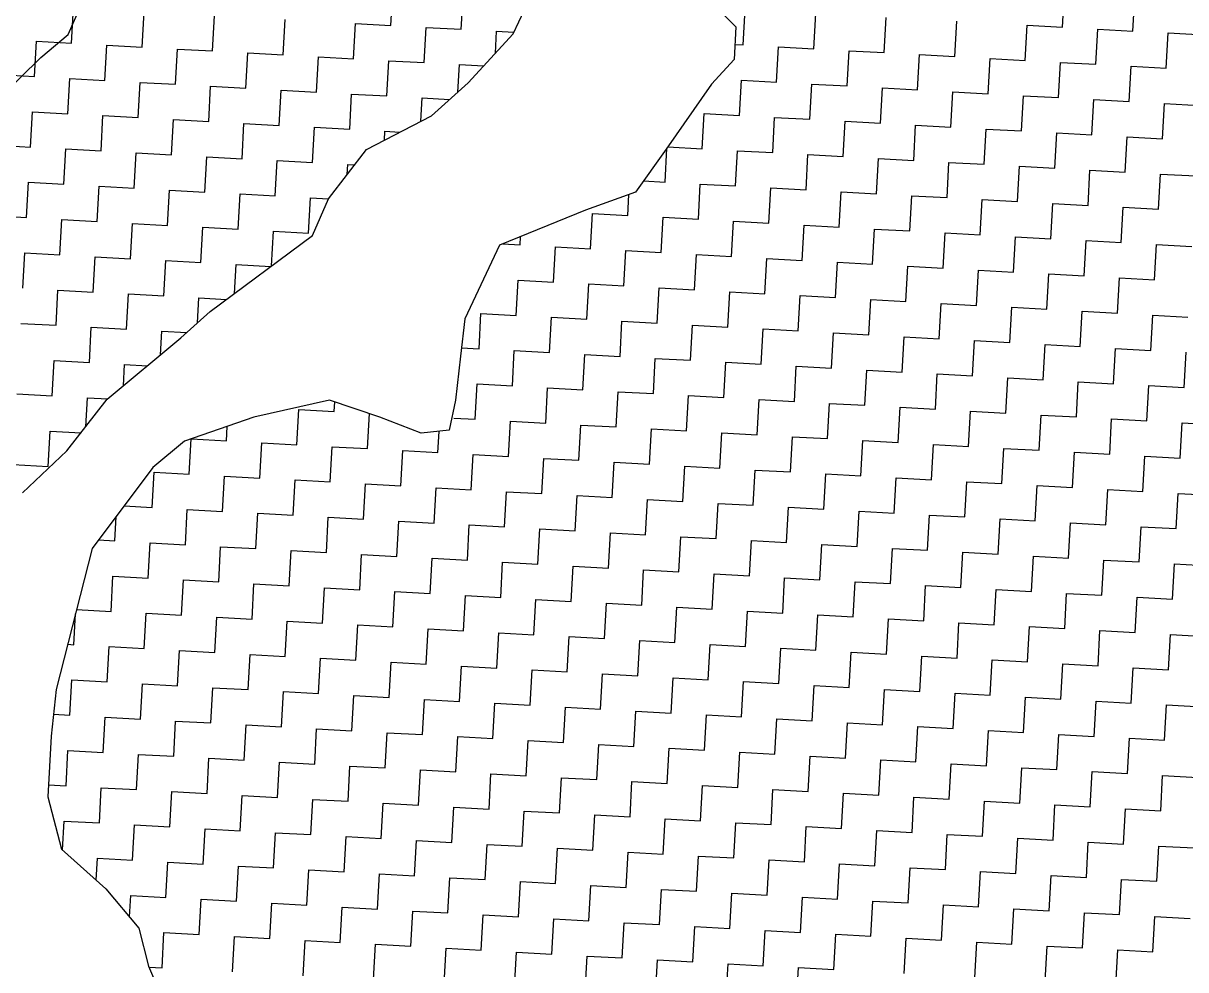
# Model space of a CAD drawing. Header units: metres. Extents: x 277693 to 281059, y 2038920 to 2043234.
# Drawn here: x 278589.8 to 279005.1, y 2042342.5 to 2042680.6 of the extents above; entities that cross this region are included whole.
import ezdxf

# ---------------------------------------------------------------- set-up
doc = ezdxf.new("R2010")
doc.units = ezdxf.units.M
doc.header["$MEASUREMENT"] = 0
doc.layers.add('LINE_WATER', color=4, linetype='Continuous')
doc.layers.add('POLY_HATCH', color=12, linetype='Continuous')

msp = doc.modelspace()

# ---------------------------------------------------------------- linework, layer by layer
at = {"layer": 'LINE_WATER'}
for p, q in [((278605.86, 2042676.52), (278613.52, 2042694.15)), ((278596.04, 2042668.36), (278605.86, 2042676.52)), ((278581.19, 2042653.8), (278596.04, 2042668.36))]:
    msp.add_line(p, q, dxfattribs=at)
at = {"layer": 'POLY_HATCH'}
for p, q in [((278764.78, 2042676.82), (278775.32, 2042699.19)), ((278834.91, 2042688.95), (278844.39, 2042679.24)), ((278844.39, 2042679.24), (278843.75, 2042667.6)), ((278748.78, 2042659.34), (278764.78, 2042676.82)), ((278843.75, 2042667.6), (278835.75, 2042658.86)), ((278735.6, 2042647.54), (278748.78, 2042659.34)), ((278835.75, 2042658.86), (278819.44, 2042635.55)), ((278712.39, 2042635.47), (278735.6, 2042647.54)), ((278698.89, 2042617.85), (278712.39, 2042635.47)), ((278819.44, 2042635.55), (278808.57, 2042620.29)), ((278693.16, 2042604.81), (278698.89, 2042617.85)), ((278808.57, 2042620.29), (278790.68, 2042613.77)), ((278790.68, 2042613.77), (278759.92, 2042601.27)), ((278656.59, 2042577.62), (278693.16, 2042604.81)), ((278759.92, 2042601.27), (278747.55, 2042574.99)), ((278646.04, 2042568.19), (278656.59, 2042577.62)), ((278747.55, 2042574.99), (278745.98, 2042561.72)), ((278619.78, 2042546.26), (278646.04, 2042568.19)), ((278745.98, 2042561.72), (278744.27, 2042545.96)), ((278605.4, 2042527.86), (278619.78, 2042546.26)), ((278699.18, 2042545.94), (278672.12, 2042539.92)), ((278717.22, 2042539.94), (278699.18, 2042545.94)), ((278744.27, 2042545.96), (278742.01, 2042535.23)), ((278672.12, 2042539.92), (278647.43, 2042531.27)), ((278731.93, 2042534.12), (278717.22, 2042539.94)), ((278742.01, 2042535.23), (278731.93, 2042534.12)), ((278647.43, 2042531.27), (278636.05, 2042521.88)), ((278589.55, 2042512.88), (278605.4, 2042527.86)), ((278636.05, 2042521.88), (278614.42, 2042493.03)), ((278614.42, 2042493.03), (278601.53, 2042442.57)), ((278601.53, 2042442.57), (278599.78, 2042425.98)), ((278599.78, 2042425.98), (278598.59, 2042404.34)), ((278598.59, 2042404.34), (278603.41, 2042385.65)), ((278603.41, 2042385.65), (278619.33, 2042371.42)), ((278619.33, 2042371.42), (278631.08, 2042357.42)), ((278631.08, 2042357.42), (278634.51, 2042343.87)), ((278634.51, 2042343.87), (278642.66, 2042325.06))]:
    msp.add_line(p, q, dxfattribs=at)
at = {"layer": 'POLY_HATCH', "linetype": 'Continuous'}
for p, q in [((278721.1, 2042679.8), (278721.8, 2042692.39)), ((278961.11, 2042679.19), (278961.81, 2042691.79)), ((278746.29, 2042678.41), (278746.99, 2042691)), ((278986.3, 2042677.8), (278987, 2042690.4)), ((278607.05, 2042673.45), (278607.74, 2042686.05)), ((278632.24, 2042672.06), (278632.94, 2042684.66)), ((278657.43, 2042670.67), (278658.13, 2042683.27)), ((278847.06, 2042672.85), (278847.75, 2042685.45)), ((278872.25, 2042671.46), (278872.94, 2042684.06)), ((278682.62, 2042669.29), (278683.32, 2042681.88)), ((278707.81, 2042667.9), (278708.51, 2042680.49)), ((278708.51, 2042680.49), (278721.1, 2042679.8)), ((278733, 2042666.51), (278733.7, 2042679.1)), ((278733.7, 2042679.1), (278746.29, 2042678.41)), ((278897.44, 2042670.07), (278898.13, 2042682.67)), ((278922.63, 2042668.68), (278923.32, 2042681.28)), ((278947.82, 2042667.29), (278948.52, 2042679.89)), ((278948.52, 2042679.89), (278961.11, 2042679.19)), ((278758.46, 2042669.91), (278758.89, 2042677.71)), ((278758.89, 2042677.71), (278765.04, 2042677.37)), ((278973.01, 2042665.9), (278973.71, 2042678.5)), ((278973.71, 2042678.5), (278986.3, 2042677.8)), ((278998.2, 2042664.51), (278998.9, 2042677.11)), ((278998.9, 2042677.11), (279011.49, 2042676.41)), ((278593.76, 2042661.55), (278594.45, 2042674.15)), ((278594.45, 2042674.15), (278607.05, 2042673.45)), ((278618.95, 2042660.16), (278619.65, 2042672.76)), ((278619.65, 2042672.76), (278632.24, 2042672.06)), ((278644.14, 2042658.77), (278644.84, 2042671.37)), ((278644.84, 2042671.37), (278657.43, 2042670.67)), ((278844.05, 2042673.02), (278847.06, 2042672.85)), ((278858.96, 2042659.56), (278859.65, 2042672.15)), ((278859.65, 2042672.15), (278872.25, 2042671.46)), ((278884.15, 2042658.17), (278884.84, 2042670.77)), ((278884.84, 2042670.77), (278897.44, 2042670.07)), ((278669.33, 2042657.38), (278670.03, 2042669.98)), ((278670.03, 2042669.98), (278682.62, 2042669.29)), ((278694.52, 2042656), (278695.22, 2042668.59)), ((278695.22, 2042668.59), (278707.81, 2042667.9)), ((278719.71, 2042654.61), (278720.41, 2042667.2)), ((278720.41, 2042667.2), (278733, 2042666.51)), ((278909.34, 2042656.78), (278910.03, 2042669.38)), ((278910.03, 2042669.38), (278922.63, 2042668.68)), ((278934.53, 2042655.39), (278935.23, 2042667.99)), ((278935.23, 2042667.99), (278947.82, 2042667.29)), ((278959.72, 2042654), (278960.42, 2042666.6)), ((278960.42, 2042666.6), (278973.01, 2042665.9)), ((278581.16, 2042662.25), (278593.76, 2042661.55)), ((278745.06, 2042656.01), (278745.6, 2042665.81)), ((278745.6, 2042665.81), (278754.27, 2042665.33)), ((278984.91, 2042652.61), (278985.61, 2042665.21)), ((278985.61, 2042665.21), (278998.2, 2042664.51)), ((278605.66, 2042648.26), (278606.36, 2042660.86)), ((278606.36, 2042660.86), (278618.95, 2042660.16)), ((278630.85, 2042646.87), (278631.55, 2042659.47)), ((278631.55, 2042659.47), (278644.14, 2042658.77)), ((278656.04, 2042645.48), (278656.74, 2042658.08)), ((278656.74, 2042658.08), (278669.33, 2042657.38)), ((278845.67, 2042647.66), (278846.36, 2042660.25)), ((278846.36, 2042660.25), (278858.96, 2042659.56)), ((278870.86, 2042646.27), (278871.55, 2042658.86)), ((278871.55, 2042658.86), (278884.15, 2042658.17)), ((278681.23, 2042644.09), (278681.93, 2042656.69)), ((278681.93, 2042656.69), (278694.52, 2042656)), ((278706.42, 2042642.7), (278707.12, 2042655.3)), ((278707.12, 2042655.3), (278719.71, 2042654.61)), ((278731.85, 2042645.59), (278732.31, 2042653.91)), ((278732.31, 2042653.91), (278742.11, 2042653.37)), ((278896.05, 2042644.88), (278896.74, 2042657.48)), ((278896.74, 2042657.48), (278909.34, 2042656.78)), ((278921.24, 2042643.49), (278921.93, 2042656.09)), ((278921.93, 2042656.09), (278934.53, 2042655.39)), ((278946.43, 2042642.1), (278947.13, 2042654.7)), ((278947.13, 2042654.7), (278959.72, 2042654)), ((278971.62, 2042640.71), (278972.32, 2042653.31)), ((278972.32, 2042653.31), (278984.91, 2042652.61)), ((278996.81, 2042639.32), (278997.51, 2042651.92)), ((278997.51, 2042651.92), (279010.1, 2042651.22)), ((278592.37, 2042636.36), (278593.07, 2042648.96)), ((278593.07, 2042648.96), (278605.66, 2042648.26)), ((278617.56, 2042634.97), (278618.26, 2042647.57)), ((278618.26, 2042647.57), (278630.85, 2042646.87)), ((278642.75, 2042633.58), (278643.45, 2042646.18)), ((278643.45, 2042646.18), (278656.04, 2042645.48)), ((278832.38, 2042635.76), (278833.07, 2042648.35)), ((278833.07, 2042648.35), (278845.67, 2042647.66)), ((278857.57, 2042634.37), (278858.26, 2042646.96)), ((278858.26, 2042646.96), (278870.86, 2042646.27)), ((278667.94, 2042632.19), (278668.64, 2042644.79)), ((278668.64, 2042644.79), (278681.23, 2042644.09)), ((278693.13, 2042630.8), (278693.83, 2042643.4)), ((278693.83, 2042643.4), (278706.42, 2042642.7)), ((278718.84, 2042638.83), (278719.02, 2042642.01)), ((278719.02, 2042642.01), (278724.39, 2042641.71)), ((278882.76, 2042632.98), (278883.45, 2042645.57)), ((278883.45, 2042645.57), (278896.05, 2042644.88)), ((278907.95, 2042631.59), (278908.64, 2042644.19)), ((278908.64, 2042644.19), (278921.24, 2042643.49)), ((278933.14, 2042630.2), (278933.84, 2042642.8)), ((278933.84, 2042642.8), (278946.43, 2042642.1)), ((278958.33, 2042628.81), (278959.03, 2042641.41)), ((278959.03, 2042641.41), (278971.62, 2042640.71)), ((278983.52, 2042627.42), (278984.22, 2042640.02)), ((278984.22, 2042640.02), (278996.81, 2042639.32)), ((278579.78, 2042637.06), (278592.37, 2042636.36)), ((278604.27, 2042623.07), (278604.97, 2042635.67)), ((278604.97, 2042635.67), (278617.56, 2042634.97)), ((278629.46, 2042621.68), (278630.16, 2042634.28)), ((278630.16, 2042634.28), (278642.75, 2042633.58)), ((278819.09, 2042623.86), (278819.76, 2042636.01)), ((278820.06, 2042636.44), (278832.38, 2042635.76)), ((278844.28, 2042622.47), (278844.97, 2042635.06)), ((278844.97, 2042635.06), (278857.57, 2042634.37)), ((278869.47, 2042621.08), (278870.16, 2042633.67)), ((278870.16, 2042633.67), (278882.76, 2042632.98)), ((278654.65, 2042620.29), (278655.35, 2042632.89)), ((278655.35, 2042632.89), (278667.94, 2042632.19)), ((278679.84, 2042618.9), (278680.54, 2042631.5)), ((278680.54, 2042631.5), (278693.13, 2042630.8)), ((278705.53, 2042626.52), (278705.73, 2042630.11)), ((278705.73, 2042630.11), (278708.18, 2042629.97)), ((278894.66, 2042619.69), (278895.35, 2042632.28)), ((278895.35, 2042632.28), (278907.95, 2042631.59)), ((278919.85, 2042618.3), (278920.55, 2042630.9)), ((278920.55, 2042630.9), (278933.14, 2042630.2)), ((278945.04, 2042616.91), (278945.74, 2042629.51)), ((278945.74, 2042629.51), (278958.33, 2042628.81)), ((278970.23, 2042615.52), (278970.93, 2042628.12)), ((278970.93, 2042628.12), (278983.52, 2042627.42)), ((278995.42, 2042614.13), (278996.12, 2042626.73)), ((278996.12, 2042626.73), (279008.71, 2042626.03)), ((278590.98, 2042611.17), (278591.68, 2042623.77)), ((278591.68, 2042623.77), (278604.27, 2042623.07)), ((278616.17, 2042609.78), (278616.87, 2042622.38)), ((278616.87, 2042622.38), (278629.46, 2042621.68)), ((278641.36, 2042608.39), (278642.06, 2042620.99)), ((278642.06, 2042620.99), (278654.65, 2042620.29)), ((278811.41, 2042624.28), (278819.09, 2042623.86)), ((278830.99, 2042610.57), (278831.68, 2042623.16)), ((278831.68, 2042623.16), (278844.28, 2042622.47)), ((278856.18, 2042609.18), (278856.87, 2042621.77)), ((278856.87, 2042621.77), (278869.47, 2042621.08)), ((278666.55, 2042607), (278667.25, 2042619.6)), ((278667.25, 2042619.6), (278679.84, 2042618.9)), ((278691.74, 2042605.61), (278692.44, 2042618.21)), ((278692.44, 2042618.21), (278698.89, 2042617.85)), ((278805.8, 2042611.96), (278806.21, 2042619.43)), ((278881.37, 2042607.79), (278882.06, 2042620.38)), ((278882.06, 2042620.38), (278894.66, 2042619.69)), ((278906.56, 2042606.4), (278907.26, 2042618.99)), ((278907.26, 2042618.99), (278919.85, 2042618.3)), ((278931.75, 2042605.01), (278932.45, 2042617.61)), ((278932.45, 2042617.61), (278945.04, 2042616.91)), ((278792.51, 2042600.06), (278793.2, 2042612.65)), ((278793.2, 2042612.65), (278805.8, 2042611.96)), ((278956.94, 2042603.62), (278957.64, 2042616.22)), ((278957.64, 2042616.22), (278970.23, 2042615.52)), ((278982.13, 2042602.23), (278982.83, 2042614.83)), ((278982.83, 2042614.83), (278995.42, 2042614.13)), ((278578.39, 2042611.87), (278590.98, 2042611.17)), ((278602.88, 2042597.88), (278603.58, 2042610.48)), ((278603.58, 2042610.48), (278616.17, 2042609.78)), ((278628.07, 2042596.49), (278628.77, 2042609.09)), ((278628.77, 2042609.09), (278641.36, 2042608.39)), ((278817.7, 2042598.67), (278818.39, 2042611.26)), ((278818.39, 2042611.26), (278830.99, 2042610.57)), ((278842.89, 2042597.28), (278843.58, 2042609.87)), ((278843.58, 2042609.87), (278856.18, 2042609.18)), ((278868.08, 2042595.89), (278868.77, 2042608.48)), ((278868.77, 2042608.48), (278881.37, 2042607.79)), ((278653.26, 2042595.1), (278653.96, 2042607.7)), ((278653.96, 2042607.7), (278666.55, 2042607)), ((278678.46, 2042593.89), (278679.15, 2042606.31)), ((278679.15, 2042606.31), (278691.74, 2042605.61)), ((278767.32, 2042601.45), (278767.48, 2042604.34)), ((278893.27, 2042594.5), (278893.97, 2042607.09)), ((278893.97, 2042607.09), (278906.56, 2042606.4)), ((278918.46, 2042593.11), (278919.16, 2042605.7)), ((278919.16, 2042605.7), (278931.75, 2042605.01)), ((278943.65, 2042591.72), (278944.35, 2042604.32)), ((278944.35, 2042604.32), (278956.94, 2042603.62)), ((278761.18, 2042601.78), (278767.32, 2042601.45)), ((278779.22, 2042588.16), (278779.91, 2042600.75)), ((278779.91, 2042600.75), (278792.51, 2042600.06)), ((278968.84, 2042590.33), (278969.54, 2042602.93)), ((278969.54, 2042602.93), (278982.13, 2042602.23)), ((278994.03, 2042588.94), (278994.73, 2042601.54)), ((278994.73, 2042601.54), (279007.32, 2042600.84)), ((278589.59, 2042585.98), (278590.29, 2042598.58)), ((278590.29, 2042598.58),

- - -

◆ WORK INSTRUCTIONS: Reproduce exactly the stretch of the material above that starts at the line with "doc.units = ezdxf.units.M" and ends at the line with "msp = doc.modelspace()", both included, and nothing else.

◆ COMPLETED EXERCISE:
doc.units = ezdxf.units.M
doc.header["$MEASUREMENT"] = 0
doc.layers.add('LINE_WATER', color=4, linetype='Continuous')
doc.layers.add('POLY_HATCH', color=12, linetype='Continuous')

msp = doc.modelspace()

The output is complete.